The problem: Copy each line of the records that holds the string "CIRCLE".

Stored items

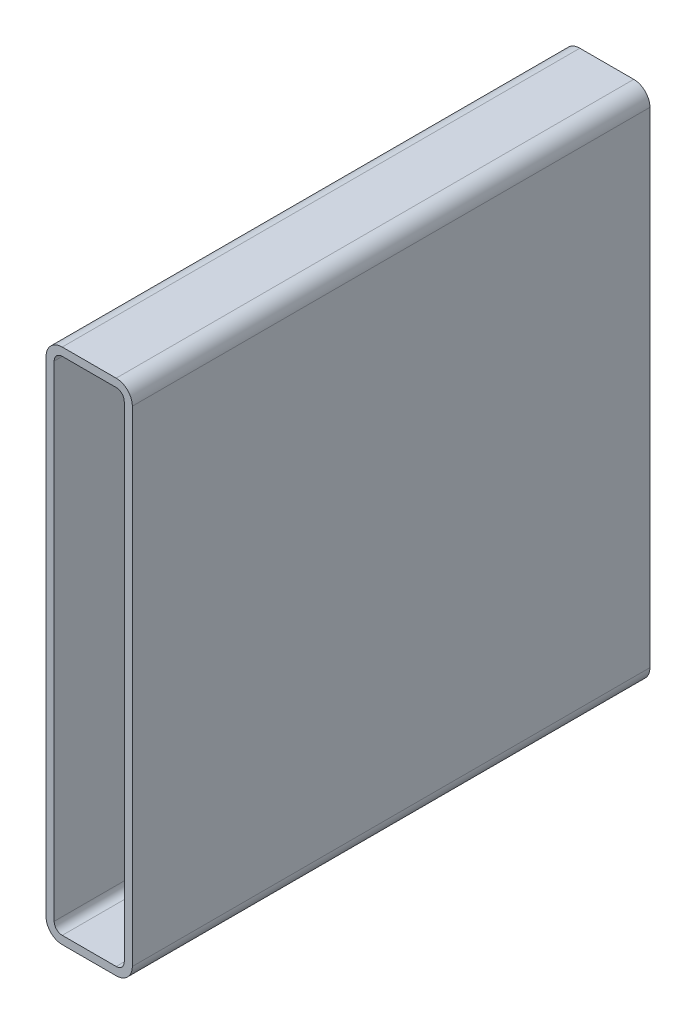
ISO-10303-21;
HEADER;
FILE_DESCRIPTION(('STEP AP214'),'2;1');
FILE_NAME('part.step','',(''),(''),'','','');
FILE_SCHEMA(('AUTOMOTIVE_DESIGN { 1 0 10303 214 1 1 1 1 }'));
ENDSEC;
DATA;
#1=APPLICATION_CONTEXT('core data for automotive mechanical design processes');
#2=APPLICATION_PROTOCOL_DEFINITION('international standard','automotive_design',2000,#1);
#3=PRODUCT_CONTEXT('',#1,'mechanical');
#4=PRODUCT('Part','Part','',(#3));
#5=PRODUCT_RELATED_PRODUCT_CATEGORY('part','',(#4));
#6=PRODUCT_DEFINITION_FORMATION('','',#4);
#7=PRODUCT_DEFINITION_CONTEXT('part definition',#1,'design');
#8=PRODUCT_DEFINITION('design','',#6,#7);
#9=PRODUCT_DEFINITION_SHAPE('','',#8);
#10=(LENGTH_UNIT() NAMED_UNIT(*) SI_UNIT(.MILLI.,.METRE.));
#11=(NAMED_UNIT(*) PLANE_ANGLE_UNIT() SI_UNIT($,.RADIAN.));
#12=(NAMED_UNIT(*) SI_UNIT($,.STERADIAN.) SOLID_ANGLE_UNIT());
#13=UNCERTAINTY_MEASURE_WITH_UNIT(LENGTH_MEASURE(1.E-05),#10,'distance_accuracy_value','');
#14=(GEOMETRIC_REPRESENTATION_CONTEXT(3) GLOBAL_UNCERTAINTY_ASSIGNED_CONTEXT((#13)) GLOBAL_UNIT_ASSIGNED_CONTEXT((#10,
#11,#12)) REPRESENTATION_CONTEXT('',''));
#15=CARTESIAN_POINT('',(0.,0.,0.));
#16=DIRECTION('',(0.,0.,1.));
#17=DIRECTION('',(1.,0.,0.));
#18=AXIS2_PLACEMENT_3D('',#15,#16,#17);
#19=CARTESIAN_POINT('',(9.52500000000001,295.275,304.8));
#20=DIRECTION('',(0.,0.,1.));
#21=DIRECTION('',(1.,0.,0.));
#22=AXIS2_PLACEMENT_3D('',#19,#20,#21);
#23=PLANE('',#22);
#24=CARTESIAN_POINT('',(9.52500000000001,295.275,304.8));
#25=DIRECTION('',(0.,0.,1.));
#26=DIRECTION('',(1.,0.,0.));
#27=AXIS2_PLACEMENT_3D('',#24,#25,#26);
#28=CIRCLE('',#27,9.52500000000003);
#29=CARTESIAN_POINT('',(9.525,304.8,304.8));
#30=VERTEX_POINT('',#29);
#31=CARTESIAN_POINT('',(0.,295.275,304.8));
#32=VERTEX_POINT('',#31);
#33=EDGE_CURVE('E211',#30,#32,#28,.T.);
#34=ORIENTED_EDGE('',*,*,#33,.T.);
#35=DIRECTION('',(0.,-1.,0.));
#36=VECTOR('',#35,1.);
#37=CARTESIAN_POINT('',(0.,9.525,304.8));
#38=LINE('',#37,#36);
#39=CARTESIAN_POINT('',(0.,9.525,304.8));
#40=VERTEX_POINT('',#39);
#41=EDGE_CURVE('E214',#32,#40,#38,.T.);
#42=ORIENTED_EDGE('',*,*,#41,.T.);
#43=CARTESIAN_POINT('',(9.525,9.525,304.8));
#44=DIRECTION('',(0.,0.,1.));
#45=DIRECTION('',(1.,0.,0.));
#46=AXIS2_PLACEMENT_3D('',#43,#44,#45);
#47=CIRCLE('',#46,9.525);
#48=CARTESIAN_POINT('',(9.525,0.,304.8));
#49=VERTEX_POINT('',#48);
#50=EDGE_CURVE('E217',#40,#49,#47,.T.);
#51=ORIENTED_EDGE('',*,*,#50,.T.);
#52=DIRECTION('',(1.,0.,0.));
#53=VECTOR('',#52,1.);
#54=CARTESIAN_POINT('',(41.275,0.,304.8));
#55=LINE('',#54,#53);
#56=CARTESIAN_POINT('',(41.275,0.,304.8));
#57=VERTEX_POINT('',#56);
#58=EDGE_CURVE('E219',#49,#57,#55,.T.);
#59=ORIENTED_EDGE('',*,*,#58,.T.);
#60=CARTESIAN_POINT('',(41.275,9.525,304.8));
#61=DIRECTION('',(0.,0.,1.));
#62=DIRECTION('',(1.,0.,0.));
#63=AXIS2_PLACEMENT_3D('',#60,#61,#62);
#64=CIRCLE('',#63,9.525);
#65=CARTESIAN_POINT('',(50.8,9.525,304.8));
#66=VERTEX_POINT('',#65);
#67=EDGE_CURVE('E221',#57,#66,#64,.T.);
#68=ORIENTED_EDGE('',*,*,#67,.T.);
#69=DIRECTION('',(0.,1.,0.));
#70=VECTOR('',#69,1.);
#71=CARTESIAN_POINT('',(50.8,295.275,304.8));
#72=LINE('',#71,#70);
#73=CARTESIAN_POINT('',(50.8,295.275,304.8));
#74=VERTEX_POINT('',#73);
#75=EDGE_CURVE('E223',#66,#74,#72,.T.);
#76=ORIENTED_EDGE('',*,*,#75,.T.);
#77=CARTESIAN_POINT('',(41.275,295.275,304.8));
#78=DIRECTION('',(0.,0.,1.));
#79=DIRECTION('',(1.,0.,0.));
#80=AXIS2_PLACEMENT_3D('',#77,#78,#79);
#81=CIRCLE('',#80,9.52500000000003);
#82=CARTESIAN_POINT('',(41.275,304.8,304.8));
#83=VERTEX_POINT('',#82);
#84=EDGE_CURVE('E225',#74,#83,#81,.T.);
#85=ORIENTED_EDGE('',*,*,#84,.T.);
#86=DIRECTION('',(-1.,0.,0.));
#87=VECTOR('',#86,1.);
#88=CARTESIAN_POINT('',(9.525,304.8,304.8));
#89=LINE('',#88,#87);
#90=EDGE_CURVE('E227',#83,#30,#89,.T.);
#91=ORIENTED_EDGE('',*,*,#90,.T.);
#92=EDGE_LOOP('',(#34,#42,#51,#59,#68,#76,#85,#91));
#93=FACE_BOUND('',#92,.T.);
#94=DIRECTION('',(0.,-1.,0.));
#95=VECTOR('',#94,1.);
#96=CARTESIAN_POINT('',(4.7625,9.525,304.8));
#97=LINE('',#96,#95);
#98=CARTESIAN_POINT('',(4.7625,295.275,304.8));
#99=VERTEX_POINT('',#98);
#100=CARTESIAN_POINT('',(4.7625,9.525,304.8));
#101=VERTEX_POINT('',#100);
#102=EDGE_CURVE('E154',#99,#101,#97,.T.);
#103=ORIENTED_EDGE('',*,*,#102,.F.);
#104=CARTESIAN_POINT('',(9.52500000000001,295.275,304.8));
#105=DIRECTION('',(0.,0.,1.));
#106=DIRECTION('',(1.,0.,0.));
#107=AXIS2_PLACEMENT_3D('',#104,#105,#106);
#108=CIRCLE('',#107,4.76250000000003);
#109=CARTESIAN_POINT('',(9.525,300.0375,304.8));
#110=VERTEX_POINT('',#109);
#111=EDGE_CURVE('E146',#110,#99,#108,.T.);
#112=ORIENTED_EDGE('',*,*,#111,.F.);
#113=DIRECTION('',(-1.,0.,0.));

Result of this exercise:
#28=CIRCLE('',#27,9.52500000000003);
#47=CIRCLE('',#46,9.525);
#64=CIRCLE('',#63,9.525);
#81=CIRCLE('',#80,9.52500000000003);
#108=CIRCLE('',#107,4.76250000000003);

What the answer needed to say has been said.